» **Problem requirements**
Reproduce word for word, from the entries below, the line with "#3=PRODUCT_CONTEXT('',#1,'mechanical');", the line with "#19=CARTESIAN_POINT('',(125.,181.47,23.0391870777951));", and every line between them, and nothing more.

::::::::

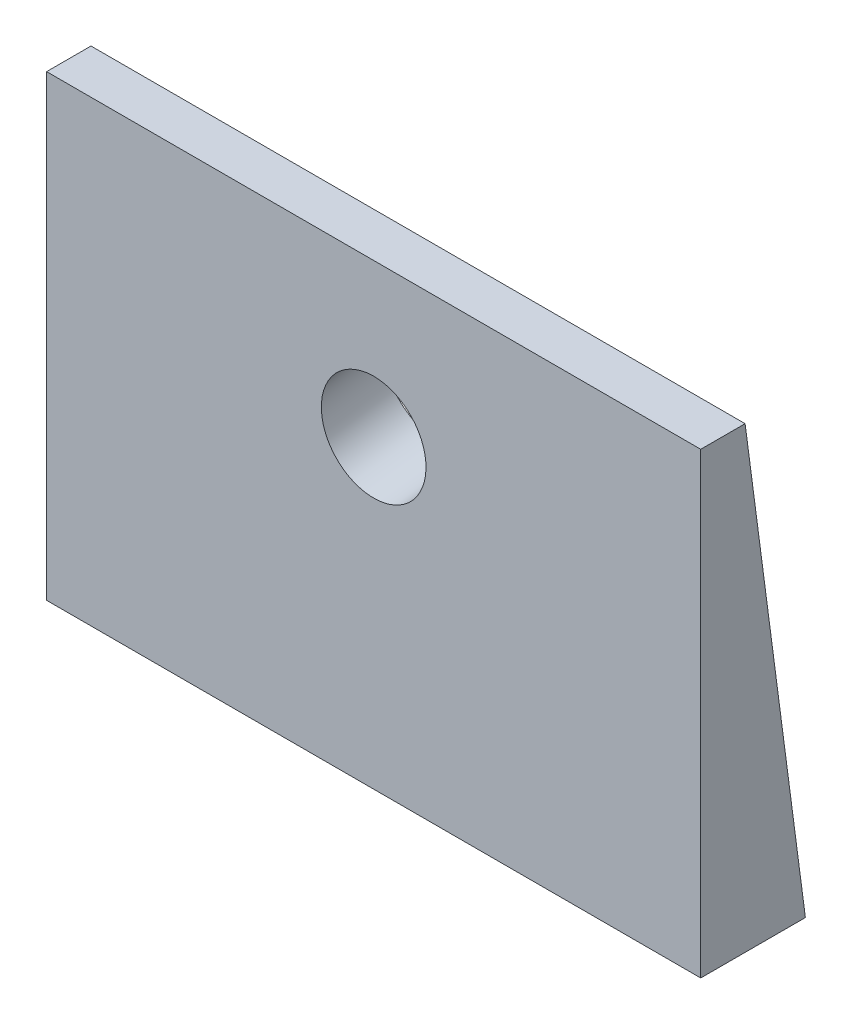
ISO-10303-21;
HEADER;
FILE_DESCRIPTION(('STEP AP214'),'2;1');
FILE_NAME('part.step','',(''),(''),'','','');
FILE_SCHEMA(('AUTOMOTIVE_DESIGN { 1 0 10303 214 1 1 1 1 }'));
ENDSEC;
DATA;
#1=APPLICATION_CONTEXT('core data for automotive mechanical design processes');
#2=APPLICATION_PROTOCOL_DEFINITION('international standard','automotive_design',2000,#1);
#3=PRODUCT_CONTEXT('',#1,'mechanical');
#4=PRODUCT('Part','Part','',(#3));
#5=PRODUCT_RELATED_PRODUCT_CATEGORY('part','',(#4));
#6=PRODUCT_DEFINITION_FORMATION('','',#4);
#7=PRODUCT_DEFINITION_CONTEXT('part definition',#1,'design');
#8=PRODUCT_DEFINITION('design','',#6,#7);
#9=PRODUCT_DEFINITION_SHAPE('','',#8);
#10=(LENGTH_UNIT() NAMED_UNIT(*) SI_UNIT(.MILLI.,.METRE.));
#11=(NAMED_UNIT(*) PLANE_ANGLE_UNIT() SI_UNIT($,.RADIAN.));
#12=(NAMED_UNIT(*) SI_UNIT($,.STERADIAN.) SOLID_ANGLE_UNIT());
#13=UNCERTAINTY_MEASURE_WITH_UNIT(LENGTH_MEASURE(1.E-05),#10,'distance_accuracy_value','');
#14=(GEOMETRIC_REPRESENTATION_CONTEXT(3) GLOBAL_UNCERTAINTY_ASSIGNED_CONTEXT((#13)) GLOBAL_UNIT_ASSIGNED_CONTEXT((#10,
#11,#12)) REPRESENTATION_CONTEXT('',''));
#15=CARTESIAN_POINT('',(0.,0.,0.));
#16=DIRECTION('',(0.,0.,1.));
#17=DIRECTION('',(1.,0.,0.));
#18=AXIS2_PLACEMENT_3D('',#15,#16,#17);
#19=CARTESIAN_POINT('',(125.,181.47,23.0391870777951));
#20=DIRECTION('',(0.,-0.130526192220056,0.99144486137381));
#21=DIRECTION('',(0.,-0.99144486137381,-0.130526192220056));
#22=AXIS2_PLACEMENT_3D('',#19,#20,#21);
#23=PLANE('',#22);
#24=CARTESIAN_POINT('',(0.,126.182358524249,15.7604309917956));
#25=DIRECTION('',(0.,-0.130526192220056,0.99144486137381));
#26=DIRECTION('',(0.,-0.99144486137381,-0.130526192220056));
#27=AXIS2_PLACEMENT_3D('',#24,#25,#26);
#28=CIRCLE('',#27,20.);
#29=CARTESIAN_POINT('',(0.,106.353461296772,13.1499071473945));
#30=VERTEX_POINT('',#29);
#31=EDGE_CURVE('E105',#30,#30,#28,.T.);
#32=ORIENTED_EDGE('',*,*,#31,.T.);
#33=EDGE_LOOP('',(#32));
#34=FACE_BOUND('',#33,.T.);
#35=DIRECTION('',(0.,0.99144486137381,0.130526192220056));
#36=VECTOR('',#35,1.);
#37=CARTESIAN_POINT('',(-125.,181.47,23.0391870777951));
#38=LINE('',#37,#36);
#39=CARTESIAN_POINT('',(-125.,6.47,0.));
#40=VERTEX_POINT('',#39);
#41=CARTESIAN_POINT('',(-125.,181.47,23.0391870777951));
#42=VERTEX_POINT('',#41);
#43=EDGE_CURVE('E102',#40,#42,#38,.T.);
#44=ORIENTED_EDGE('',*,*,#43,.T.);
#45=DIRECTION('',(-1.,0.,0.));
#46=VECTOR('',#45,1.);
#47=CARTESIAN_POINT('',(125.,181.47,23.0391870777951));
#48=LINE('',#47,#46);
#49=CARTESIAN_POINT('',(125.,181.47,23.0391870777951));
#50=VERTEX_POINT('',#49);
#51=EDGE_CURVE('E11',#50,#42,#48,.T.);
#52=ORIENTED_EDGE('',*,*,#51,.F.);
#53=DIRECTION('',(0.,0.99144486137381,0.130526192220056));
#54=VECTOR('',#53,1.);
#55=CARTESIAN_POINT('',(125.,181.47,23.0391870777951));
#56=LINE('',#55,#54);
#57=CARTESIAN_POINT('',(125.,6.47,0.));
#58=VERTEX_POINT('',#57);
#59=EDGE_CURVE('E89',#58,#50,#56,.T.);
#60=ORIENTED_EDGE('',*,*,#59,.F.);
#61=DIRECTION('',(-1.,0.,0.));
#62=VECTOR('',#61,1.);
#63=CARTESIAN_POINT('',(125.,6.47,0.));
#64=LINE('',#63,#62);
#65=EDGE_CURVE('E98',#58,#40,#64,.T.);
#66=ORIENTED_EDGE('',*,*,#65,.T.);
#67=EDGE_LOOP('',(#44,#52,#60,#66));
#68=FACE_BOUND('',#67,.T.);
#69=ADVANCED_FACE('F37',(#34,#68),#23,.F.);
#70=CARTESIAN_POINT('',(125.,181.47,40.));
#71=DIRECTION('',(0.,-1.,0.));
#72=DIRECTION('',(0.,0.,-1.));
#73=AXIS2_PLACEMENT_3D('',#70,#71,#72);
#74=PLANE('',#73);
#75=DIRECTION('',(0.,0.,1.));
#76=VECTOR('',#75,1.);
#77=CARTESIAN_POINT('',(-125.,181.47,40.));
#78=LINE('',#77,#76);
#79=CARTESIAN_POINT('',(-125.,181.47,40.));
#80=VERTEX_POINT('',#79);
#81=EDGE_CURVE('E93',#42,#80,#78,.T.);
#82=ORIENTED_EDGE('',*,*,#81,.T.);
#83=DIRECTION('',(-1.,0.,0.));
#84=VECTOR('',#83,1.);
#85=CARTESIAN_POINT('',(125.,181.47,40.));
#86=LINE('',#85,#84);
#87=CARTESIAN_POINT('',(125.,181.47,40.));
#88=VERTEX_POINT('',#87);
#89=EDGE_CURVE('E46',#88,#80,#86,.T.);
#90=ORIENTED_EDGE('',*,*,#89,.F.);
#91=DIRECTION('',(0.,0.,1.));
#92=VECTOR('',#91,1.);
#93=CARTESIAN_POINT('',(125.,181.47,40.));
#94=LINE('',#93,#92);
#95=EDGE_CURVE('E84',#50,#88,#94,.T.);
#96=ORIENTED_EDGE('',*,*,#95,.F.);
#97=ORIENTED_EDGE('',*,*,#51,.T.);
#98=EDGE_LOOP('',(#82,#90,#96,#97));
#99=FACE_BOUND('',#98,.T.);
#100=ADVANCED_FACE('F92',(#99),#74,.F.);
#101=CARTESIAN_POINT('',(125.,6.46999999999999,40.));
#102=DIRECTION('',(0.,0.,-1.));
#103=DIRECTION('',(-1.,0.,0.));
#104=AXIS2_PLACEMENT_3D('',#101,#102,#103);
#105=PLANE('',#104);
#106=CARTESIAN_POINT('',(0.,122.991158723876,40.));
#107=DIRECTION('',(0.,0.,-1.));
#108=DIRECTION('',(0.,1.,0.));
#109=AXIS2_PLACEMENT_3D('',#106,#107,#108);
#110=ELLIPSE('',#109,20.1725792116031,20.);
#111=CARTESIAN_POINT('',(0.,143.163737935479,40.));
#112=VERTEX_POINT('',#111);
#113=EDGE_CURVE('E40',#112,#112,#110,.T.);
#114=ORIENTED_EDGE('',*,*,#113,.T.);
#115=EDGE_LOOP('',(#114));
#116=FACE_BOUND('',#115,.T.);
#117=DIRECTION('',(0.,-1.,0.));
#118=VECTOR('',#117,1.);
#119=CARTESIAN_POINT('',(-125.,6.46999999999999,40.));
#120=LINE('',#119,#118);
#121=CARTESIAN_POINT('',(-125.,6.46999999999999,40.));
#122=VERTEX_POINT('',#121);
#123=EDGE_CURVE('E71',#80,#122,#120,.T.);
#124=ORIENTED_EDGE('',*,*,#123,.T.);
#125=DIRECTION('',(-1.,0.,0.));
#126=VECTOR('',#125,1.);
#127=CARTESIAN_POINT('',(125.,6.46999999999999,40.));
#128=LINE('',#127,#126);
#129=CARTESIAN_POINT('',(125.,6.46999999999999,40.));
#130=VERTEX_POINT('',#129);
#131=EDGE_CURVE('E94',#130,#122,#128,.T.);
#132=ORIENTED_EDGE('',*,*,#131,.F.);
#133=DIRECTION('',(0.,-1.,0.));
#134=VECTOR('',#133,1.);
#135=CARTESIAN_POINT('',(125.,6.46999999999999,40.));
#136=LINE('',#135,#134);
#137=EDGE_CURVE('E87',#88,#130,#136,.T.);
#138=ORIENTED_EDGE('',*,*,#137,.F.);
#139=ORIENTED_EDGE('',*,*,#89,.T.);
#140=EDGE_LOOP('',(#124,#132,#138,#139));
#141=FACE_BOUND('',#140,.T.);
#142=ADVANCED_FACE('F96',(#116,#141),#105,.F.);
#143=CARTESIAN_POINT('',(125.,6.47,0.));
#144=DIRECTION('',(0.,1.,0.));
#145=DIRECTION('',(0.,0.,1.));
#146=AXIS2_PLACEMENT_3D('',#143,#144,#145);
#147=PLANE('',#146);
#148=DIRECTION('',(0.,0.,-1.));
#149=VECTOR('',#148,1.);
#150=CARTESIAN_POINT('',(-125.,6.47,0.));
#151=LINE('',#150,#149);
#152=EDGE_CURVE('E77',#122,#40,#151,.T.);
#153=ORIENTED_EDGE('',*,*,#152,.T.);
#154=ORIENTED_EDGE('',*,*,#65,.F.);
#155=DIRECTION('',(0.,0.,-1.));
#156=VECTOR('',#155,1.);
#157=CARTESIAN_POINT('',(125.,6.47,0.));
#158=LINE('',#157,#156);
#159=EDGE_CURVE('E54',#130,#58,#158,.T.);
#160=ORIENTED_EDGE('',*,*,#159,.F.);
#161=ORIENTED_EDGE('',*,*,#131,.T.);
#162=EDGE_LOOP('',(#153,#154,#160,#161));
#163=FACE_BOUND('',#162,.T.);
#164=ADVANCED_FACE('F110',(#163),#147,.F.);
#165=CARTESIAN_POINT('',(125.,0.,0.));
#166=DIRECTION('',(-1.,0.,0.));
#167=DIRECTION('',(0.,0.,1.));
#168=AXIS2_PLACEMENT_3D('',#165,#166,#167);
#169=PLANE('',#168);
#170=ORIENTED_EDGE('',*,*,#59,.T.);
#171=ORIENTED_EDGE('',*,*,#95,.T.);
#172=ORIENTED_EDGE('',*,*,#137,.T.);
#173=ORIENTED_EDGE('',*,*,#159,.T.);
#174=EDGE_LOOP('',(#170,#171,#172,#173));
#175=FACE_BOUND('',#174,.T.);
#176=ADVANCED_FACE('F85',(#175),#169,.F.);
#177=CARTESIAN_POINT('',(-125.,0.,0.));
#178=DIRECTION('',(-1.,0.,0.));
#179=DIRECTION('',(0.,0.,1.));
#180=AXIS2_PLACEMENT_3D('',#177,#178,#179);
#181=PLANE('',#180);
#182=ORIENTED_EDGE('',*,*,#43,.F.);
#183=ORIENTED_EDGE('',*,*,#152,.F.);
#184=ORIENTED_EDGE('',*,*,#123,.F.);
#185=ORIENTED_EDGE('',*,*,#81,.F.);
#186=EDGE_LOOP('',(#182,#183,#184,#185));
#187=FACE_BOUND('',#186,.T.);
#188=ADVANCED_FACE('F113',(#187),#181,.T.);
#189=CARTESIAN_POINT('',(0.,121.005977622198,55.078947517577));
#190=DIRECTION('',(0.,0.130526192220056,-0.99144486137381));
#191=DIRECTION('',(0.,0.99144486137381,0.130526192220056));
#192=AXIS2_PLACEMENT_3D('',#189,#190,#191);
#193=CYLINDRICAL_SURFACE('',#192,20.);
#194=ORIENTED_EDGE('',*,*,#113,.F.);
#195=EDGE_LOOP('',(#194));
#196=FACE_BOUND('',#195,.T.);
#197=ORIENTED_EDGE('',*,*,#31,.F.);
#198=EDGE_LOOP('',(#197));
#199=FACE_BOUND('',#198,.T.);
#200=ADVANCED_FACE('F123',(#196,#199),#193,.F.);
#201=CLOSED_SHELL('',(#69,#100,#142,#164,#176,#188,#200));
#202=MANIFOLD_SOLID_BREP('B2',#201);
#203=ADVANCED_BREP_SHAPE_REPRESENTATION('',(#18,#202),#14);
#204=SHAPE_DEFINITION_REPRESENTATION(#9,#203);
ENDSEC;
END-ISO-10303-21;

::::::::

» **Exercise output**
#3=PRODUCT_CONTEXT('',#1,'mechanical');
#4=PRODUCT('Part','Part','',(#3));
#5=PRODUCT_RELATED_PRODUCT_CATEGORY('part','',(#4));
#6=PRODUCT_DEFINITION_FORMATION('','',#4);
#7=PRODUCT_DEFINITION_CONTEXT('part definition',#1,'design');
#8=PRODUCT_DEFINITION('design','',#6,#7);
#9=PRODUCT_DEFINITION_SHAPE('','',#8);
#10=(LENGTH_UNIT() NAMED_UNIT(*) SI_UNIT(.MILLI.,.METRE.));
#11=(NAMED_UNIT(*) PLANE_ANGLE_UNIT() SI_UNIT($,.RADIAN.));
#12=(NAMED_UNIT(*) SI_UNIT($,.STERADIAN.) SOLID_ANGLE_UNIT());
#13=UNCERTAINTY_MEASURE_WITH_UNIT(LENGTH_MEASURE(1.E-05),#10,'distance_accuracy_value','');
#14=(GEOMETRIC_REPRESENTATION_CONTEXT(3) GLOBAL_UNCERTAINTY_ASSIGNED_CONTEXT((#13)) GLOBAL_UNIT_ASSIGNED_CONTEXT((#10,
#11,#12)) REPRESENTATION_CONTEXT('',''));
#15=CARTESIAN_POINT('',(0.,0.,0.));
#16=DIRECTION('',(0.,0.,1.));
#17=DIRECTION('',(1.,0.,0.));
#18=AXIS2_PLACEMENT_3D('',#15,#16,#17);
#19=CARTESIAN_POINT('',(125.,181.47,23.0391870777951));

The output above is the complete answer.